AMARCORD: LA NOSTALGIA

Flavio Impelluso                                                                     1 maggio 2022
 
ANTEFATTO 
Qualche tempo fa la cronaca politica minore fece un certo scalpore riportando la frase con cui una onorevole deputata, parlando con dei giornalisti, si era riferita ad un conoscente definendolo alquanto icasticamente “quel (chiedo scusa) frociòne di m.!”. Notiziola nella notiziola, un cronista commentava poi, quasi divertito, che la frase fosse stata divulgata sulla stampa con un tocco di censura, nel senso che l’ultima parola era stata presentata con una “m” puntata, e si meravigliava che, tra la definizione e la materia, l’estensore si fosse vergognato di questa e non della prima. Io invece, da vecchio romano, non ci avevo trovato nulla di strano, perché per noi quel termine aveva tante sfumature diverse, poteva essere un appellativo scherzoso o persino affettuoso, mentre la specifica della materia è comunque volgare.
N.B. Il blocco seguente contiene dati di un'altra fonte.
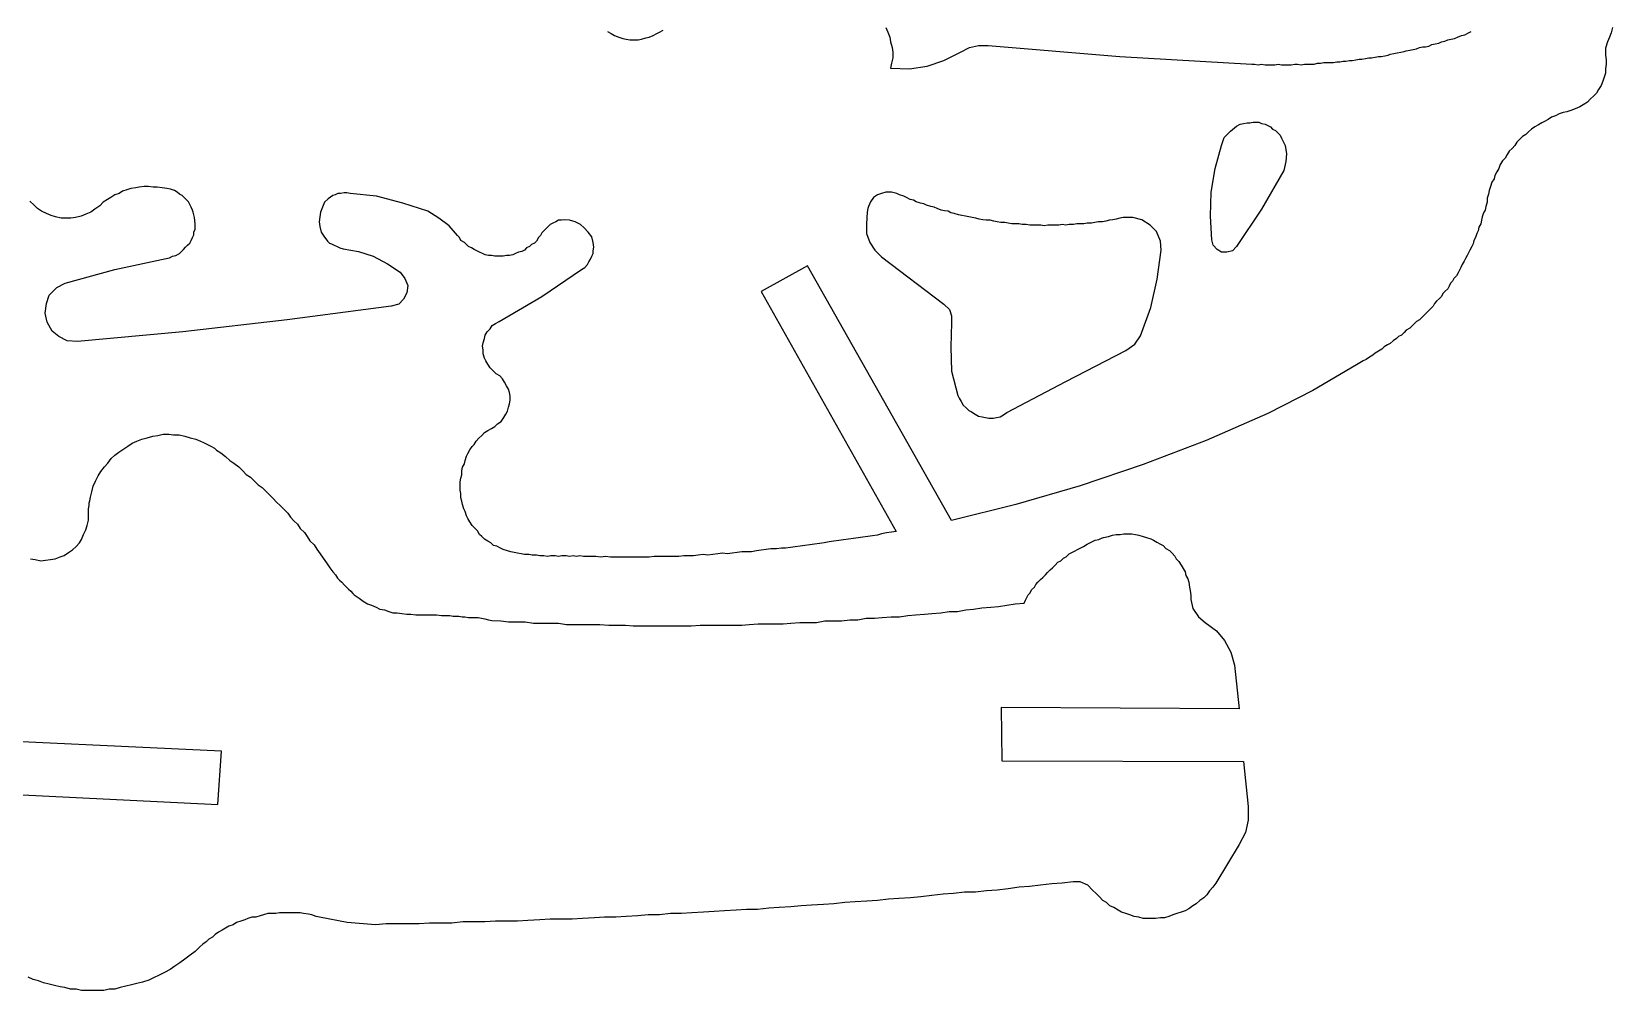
# Model space of a CAD drawing. Extents: x 6 to 899, y 6 to 466.
# Drawn here: x 703.6 to 884.6, y 6 to 115.8 of the extents above; entities that cross this region are included whole.
import ezdxf

# ---------------------------------------------------------------- set-up
doc = ezdxf.new("R2010")
doc.units = 0
doc.header["$MEASUREMENT"] = 0
doc.layers.add('DEFAULT_LAYER', color=1, linetype='Continuous')

msp = doc.modelspace()

# ---------------------------------------------------------------- linework, layer by layer
at = {"layer": 'DEFAULT_LAYER'}
for points in [[(884.59, 116.33), (884.43, 115.69), (884.27, 115.22), (884.03, 114.66), (883.8, 113.95), (883.8, 113.16), (883.87, 112.6), (883.87, 112.13), (883.8, 111.57), (883.8, 111.1), (883.64, 110.62), (883.48, 110.15), (883.32, 109.67), (883, 109.2), (882.77, 108.8), (882.45, 108.48), (882.05, 108.09), (881.74, 107.77), (881.26, 107.45), (880.86, 107.22), (880.31, 106.98), (879.83, 106.82), (879.36, 106.66), (878.96, 106.58), (878.49, 106.43), (878.09, 106.19), (877.62, 106.03), (877.22, 105.79), (876.82, 105.55), (876.51, 105.4), (876.11, 105.16), (875.72, 104.92), (875.32, 104.68), (875, 104.37), (874.69, 104.05), (874.29, 103.81), (873.97, 103.49), (873.66, 103.18), (873.42, 102.78), (873.1, 102.46), (872.78, 102.15), (872.55, 101.75), (872.31, 101.36), (871.99, 101.04), (871.75, 100.64), (871.6, 100.17), (871.36, 99.77), (871.12, 99.37), (871.04, 98.98), (870.8, 98.58), (870.65, 98.11), (870.49, 97.63), (870.41, 97.24), (870.25, 96.76), (870.25, 96.29), (870.09, 95.81), (870.01, 95.41), (869.85, 95.1), (869.69, 94.62), (869.62, 94.23), (869.54, 93.83), (869.3, 93.43), (869.22, 93.04), (869.06, 92.72), (868.9, 92.25), (868.74, 91.93), (868.66, 91.53), (868.51, 91.22), (868.27, 90.82), (868.11, 90.5), (867.95, 90.19), (867.79, 89.87), (867.63, 89.55), (867.4, 89.16), (867.24, 88.84), (867.08, 88.52), (866.92, 88.2), (866.76, 87.89), (866.45, 87.57), (866.29, 87.25), (866.05, 87.02), (865.89, 86.7), (865.73, 86.38), (865.42, 86.07), (865.18, 85.83), (865.02, 85.51), (864.78, 85.27), (864.47, 84.96), (864.23, 84.72), (864.07, 84.4), (863.83, 84.16), (863.52, 83.85), (863.28, 83.61), (863.04, 83.37), (862.8, 83.13), (862.49, 82.82), (862.17, 82.66), (861.85, 82.34), (861.61, 82.11), (861.38, 81.87), (860.98, 81.63), (860.74, 81.39), (860.43, 81.08), (860.11, 80.92), (859.87, 80.68), (859.48, 80.44), (859.16, 80.12), (858.84, 79.97), (858.45, 79.73), (858.21, 79.49), (857.81, 79.25), (857.42, 79.02), (857.18, 78.78), (856.78, 78.54), (856.39, 78.3), (856.07, 78.14), (855.67, 77.91), (855.28, 77.67), (850.29, 74.74), (845.14, 72.12), (838.09, 69.03), (830.88, 66.26), (823.67, 63.81), (816.3, 61.67), (808.93, 59.84), (792.46, 89), (787.15, 86.07), (802.6, 58.58), (802.04, 58.5), (801.49, 58.42), (800.93, 58.34), (800.46, 58.18), (799.9, 58.1), (799.35, 58.02), (798.79, 57.94), (798.24, 57.86), (797.69, 57.79), (797.13, 57.71), (796.58, 57.63), (796.02, 57.55), (795.47, 57.47), (794.91, 57.39), (794.36, 57.31), (793.8, 57.23), (793.25, 57.15), (792.69, 57.07), (792.14, 56.99), (791.59, 56.91), (791.03, 56.83), (790.48, 56.76), (789.92, 56.68), (789.45, 56.68), (788.89, 56.6), (788.26, 56.6), (787.7, 56.52), (787.15, 56.44), (786.59, 56.36), (786.04, 56.28), (785.56, 56.28), (784.93, 56.28), (784.38, 56.2), (783.82, 56.12), (783.27, 56.04), (782.71, 56.12), (782.16, 56.04), (781.6, 55.96), (781.05, 55.88), (780.5, 55.96), (779.94, 55.88), (779.39, 55.8), (778.75, 55.8), (778.28, 55.8), (777.72, 55.73), (777.09, 55.73), (776.61, 55.73), (775.98, 55.73), (775.5, 55.73), (774.87, 55.73), (774.32, 55.65), (773.84, 55.65), (773.21, 55.65), (772.73, 55.65), (772.1, 55.65), (771.62, 55.65), (770.99, 55.65), (770.51, 55.65), (769.88, 55.65), (769.33, 55.73), (768.77, 55.65), (768.22, 55.73), (767.74, 55.73), (767.11, 55.73), (766.79, 55.73), (766.39, 55.8), (766, 55.73), (765.6, 55.8), (765.21, 55.73), (764.81, 55.8), (764.33, 55.8), (763.94, 55.73), (763.54, 55.8), (763.07, 55.8), (762.67, 55.73), (762.27, 55.8), (761.8, 55.8), (761.4, 55.88), (760.93, 55.88), (760.53, 55.96), (760.06, 55.96), (759.66, 56.04), (759.26, 56.12), (758.87, 56.2), (758.47, 56.28), (758.08, 56.36), (757.6, 56.52), (757.28, 56.68), (756.89, 56.91), (756.49, 56.99), (756.18, 57.31), (755.86, 57.47), (755.46, 57.71), (755.15, 58.02), (754.91, 58.26), (754.67, 58.66), (754.35, 58.97), (754.04, 59.29), (753.8, 59.69), (753.56, 60.08), (753.4, 60.4), (753.24, 60.87), (753.09, 61.19), (752.93, 61.67), (752.85, 62.06), (752.77, 62.46), (752.77, 62.93), (752.69, 63.33), (752.69, 63.81), (752.69, 64.28), (752.77, 64.68), (752.85, 65.07), (752.85, 65.55), (752.93, 65.94), (753.16, 66.34), (753.24, 66.74), (753.4, 67.21), (753.56, 67.53), (753.8, 67.93), (754.04, 68.32), (754.27, 68.56), (754.51, 68.95), (754.83, 69.27), (755.15, 69.59), (755.46, 69.91), (755.86, 70.14), (756.25, 70.38), (756.65, 70.62), (756.97, 70.94), (757.36, 71.17), (757.68, 71.65), (757.92, 72.04), (758.08, 72.36), (758.23, 72.84), (758.31, 73.23), (758.39, 73.63), (758.39, 74.1), (758.31, 74.5), (758.23, 74.9), (758, 75.29), (757.76, 75.69), (757.52, 76.08), (757.2, 76.4), (756.81, 76.64), (756.41, 77.04), (756.1, 77.35), (755.86, 77.75), (755.62, 78.14), (755.46, 78.46), (755.3, 78.94), (755.3, 79.41), (755.22, 79.81), (755.3, 80.2), (755.46, 80.68), (755.54, 81.08), (755.78, 81.47), (756.1, 81.79), (756.33, 82.18), (756.73, 82.42), (757.13, 82.66), (762.04, 85.51), (766.55, 88.6), (766.95, 88.84), (767.27, 89.16), (767.42, 89.47), (767.58, 89.79), (767.74, 90.11), (767.9, 90.42), (767.9, 90.74), (767.98, 91.14), (767.9, 91.69), (767.74, 92.32), (767.34, 92.88), (766.87, 93.35), (766.47, 93.75), (765.84, 94.07), (765.21, 94.23), (764.65, 94.3), (764.26, 94.23), (763.94, 94.23), (763.62, 94.07), (763.3, 93.91), (762.99, 93.75), (762.67, 93.43), (762.43, 93.2), (762.04, 92.8), (761.88, 92.48), (761.64, 92.25), (761.4, 91.85), (761.17, 91.61), (760.85, 91.45), (760.61, 91.22), (760.29, 91.06), (760.06, 90.82), (759.74, 90.66), (759.34, 90.58), (759.03, 90.42), (758.71, 90.26), (758.31, 90.19), (758, 90.19), (757.6, 90.11), (757.28, 90.11), (756.97, 90.11), (756.65, 90.11), (756.25, 90.19), (755.94, 90.19), (755.54, 90.26), (755.22, 90.42), (754.91, 90.58), (754.59, 90.74), (754.27, 90.9), (753.96, 91.06), (753.64, 91.22), (753.4, 91.45), (753.16, 91.69), (752.77, 91.93), (752.61, 92.25), (752.37, 92.48), (751.42, 93.59), (750.23, 94.46), (748.97, 95.26), (746.11, 96.21), (743.1, 97), (740.09, 97.31), (739.7, 97.39), (739.38, 97.39), (738.98, 97.31), (738.67, 97.31), (738.35, 97.16), (738.11, 97.08), (737.56, 96.68), (737.16, 96.29), (736.93, 95.73), (736.69, 95.18), (736.61, 94.62), (736.53, 94.07), (736.61, 93.51), (736.77, 92.88), (737.08, 92.4), (737.48, 91.85), (737.72, 91.61), (737.95, 91.53), (738.27, 91.37), (738.59, 91.22), (738.91, 91.06), (739.3, 90.98), (741.04, 90.66), (742.71, 90.11), (744.37, 89.23), (745.8, 88.28), (746.35, 87.57), (746.67, 86.78), (746.59, 85.91), (746.19, 85.19), (745.64, 84.64), (744.77, 84.4), (732.89, 82.82), (720.92, 81.47), (708.88, 80.36), (707.69, 80.44), (706.74, 80.92), (705.95, 81.55), (705.4, 82.58), (705.16, 83.61), (705.32, 84.72), (705.63, 85.67), (706.51, 86.54), (707.46, 87.02), (713.16, 88.6), (719.02, 89.87), (719.42, 89.95), (719.73, 90.11), (720.13, 90.19), (720.53, 90.42), (720.76, 90.66), (721, 90.9), (721.24, 91.14), (721.48, 91.37), (721.72, 91.61), (721.87, 91.93), (722.03, 92.25), (722.19, 92.56), (722.19, 92.88), (722.35, 93.2), (722.35, 93.83), (722.27, 94.54), (722.11, 95.18), (722.03, 95.41), (721.87, 95.73), (721.72, 96.05), (721.56, 96.36), (721.32, 96.6), (721.08, 96.84), (720.84, 97.08), (720.53, 97.24), (720.29, 97.47), (719.97, 97.63), (719.5, 97.79), (719.1, 97.87), (718.55, 97.95), (717.99, 98.03), (717.52, 98.03), (716.96, 98.11), (716.49, 98.11), (715.93, 98.03), (715.54, 97.95), (714.98, 97.87), (714.51, 97.71), (714.03, 97.55), (713.64, 97.31), (713.16, 97.16), (712.68, 96.84), (712.29, 96.6), (711.81, 96.29), (711.42, 95.89), (710.86, 95.49), (710.39, 95.18), (709.83, 94.94), (709.28, 94.7), (708.64, 94.54), (708.09, 94.46), (707.61, 94.46), (706.98, 94.46), (706.35, 94.62), (705.87, 94.78), (705.32, 95.02), (704.76, 95.26), (704.29, 95.57), (703.89, 95.97), (703.42, 96.44)], [(769.56, 115.85), (769.96, 115.61), (770.36, 115.38), (770.83, 115.22), (771.31, 115.06), (771.7, 114.98), (772.1, 114.9), (772.57, 114.9), (773.05, 114.9), (773.44, 114.98), (773.92, 115.14), (774.32, 115.22), (774.79, 115.38), (775.19, 115.61), (775.5, 115.77), (775.9, 116.01)], [(801.41, 116.33), (801.65, 115.77), (801.88, 115.22), (801.96, 114.66), (802.12, 114.03), (802.2, 113.48), (802.2, 112.84), (802.04, 112.21), (801.96, 111.65), (804.1, 111.57), (806.16, 111.89), (808.06, 112.52), (809.96, 113.48), (810.99, 114.03), (812.02, 114.27), (813.13, 114.27), (828.18, 113), (843.31, 112.13), (843.63, 112.13), (844.03, 112.05), (844.42, 112.13), (844.82, 112.05), (845.14, 112.05), (845.61, 112.05), (845.93, 112.05), (846.33, 112.13), (846.72, 112.05), (847.04, 112.05), (847.51, 112.05), (847.83, 112.05), (848.23, 112.13), (848.54, 112.13), (848.94, 112.05), (849.34, 112.13), (849.65, 112.13), (850.13, 112.13), (850.44, 112.13), (850.84, 112.21), (851.16, 112.21), (851.55, 112.29), (851.87, 112.29), (852.35, 112.29), (852.66, 112.29), (853.06, 112.37), (853.38, 112.37), (853.77, 112.45), (854.09, 112.45), (854.48, 112.52), (854.8, 112.52), (855.2, 112.6), (855.59, 112.68), (855.91, 112.68), (856.31, 112.76), (856.7, 112.84), (857.02, 112.84), (857.42, 112.92), (857.81, 113), (858.13, 113), (858.52, 113.08), (858.92, 113.16), (859.16, 113.24), (859.55, 113.32), (859.95, 113.4), (860.35, 113.48), (860.74, 113.55), (860.98, 113.63), (861.38, 113.71), (861.77, 113.79), (862.17, 113.87), (862.49, 114.03), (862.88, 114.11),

Sia come sia, la frase mi ha catapultato indietro nel tempo, un tempo in cui certe percezioni e certe sensibilità erano molto diverse da quelle attuali. C’è di più, quel termine gergale romano di cui sopra ha fatto riaffiorare un ricordo personale, e se avrete la pazienza di seguirmi, ve lo narrerò. 

IL RIONE ESQUILINO 

Alla metà degli anni ’50 del secolo scorso, credo di averne già fatto cenno, la mia famiglia si trasferì dal quartiere Italia al quartiere Esquilino: io avevo terminato il Ginnasio e lasciai il mitico (ma ormai troppo lontano) Giulio Cesare per trovare un Liceo vicino alla nuova residenza, e fu il Pilo Albertelli. Comodo, stava (sta) di fianco alla Basilica di Santa Maria Maggiore, e ci andavo a piedi. Per quanto posso ricordare l’Esquilino all’epoca non era così, e per carità di patria evito di entrare nel merito di quel “così”, allora era un bel quartiere con dignitosissimi palazzi umbertini (niente a che vedere con i successivi orridi palazzoni di edilizia popolare) e larghi viali ombreggiati da enormi platani, c’erano varie linee di vecchi tram che facevano tanto Vienna e pensate che il piccolo parco al centro di Piazza Vittorio - la grande piazza porticata del quartiere - conservava ancora qualche pallida parvenza dello splendido giardino botanico di un tempo.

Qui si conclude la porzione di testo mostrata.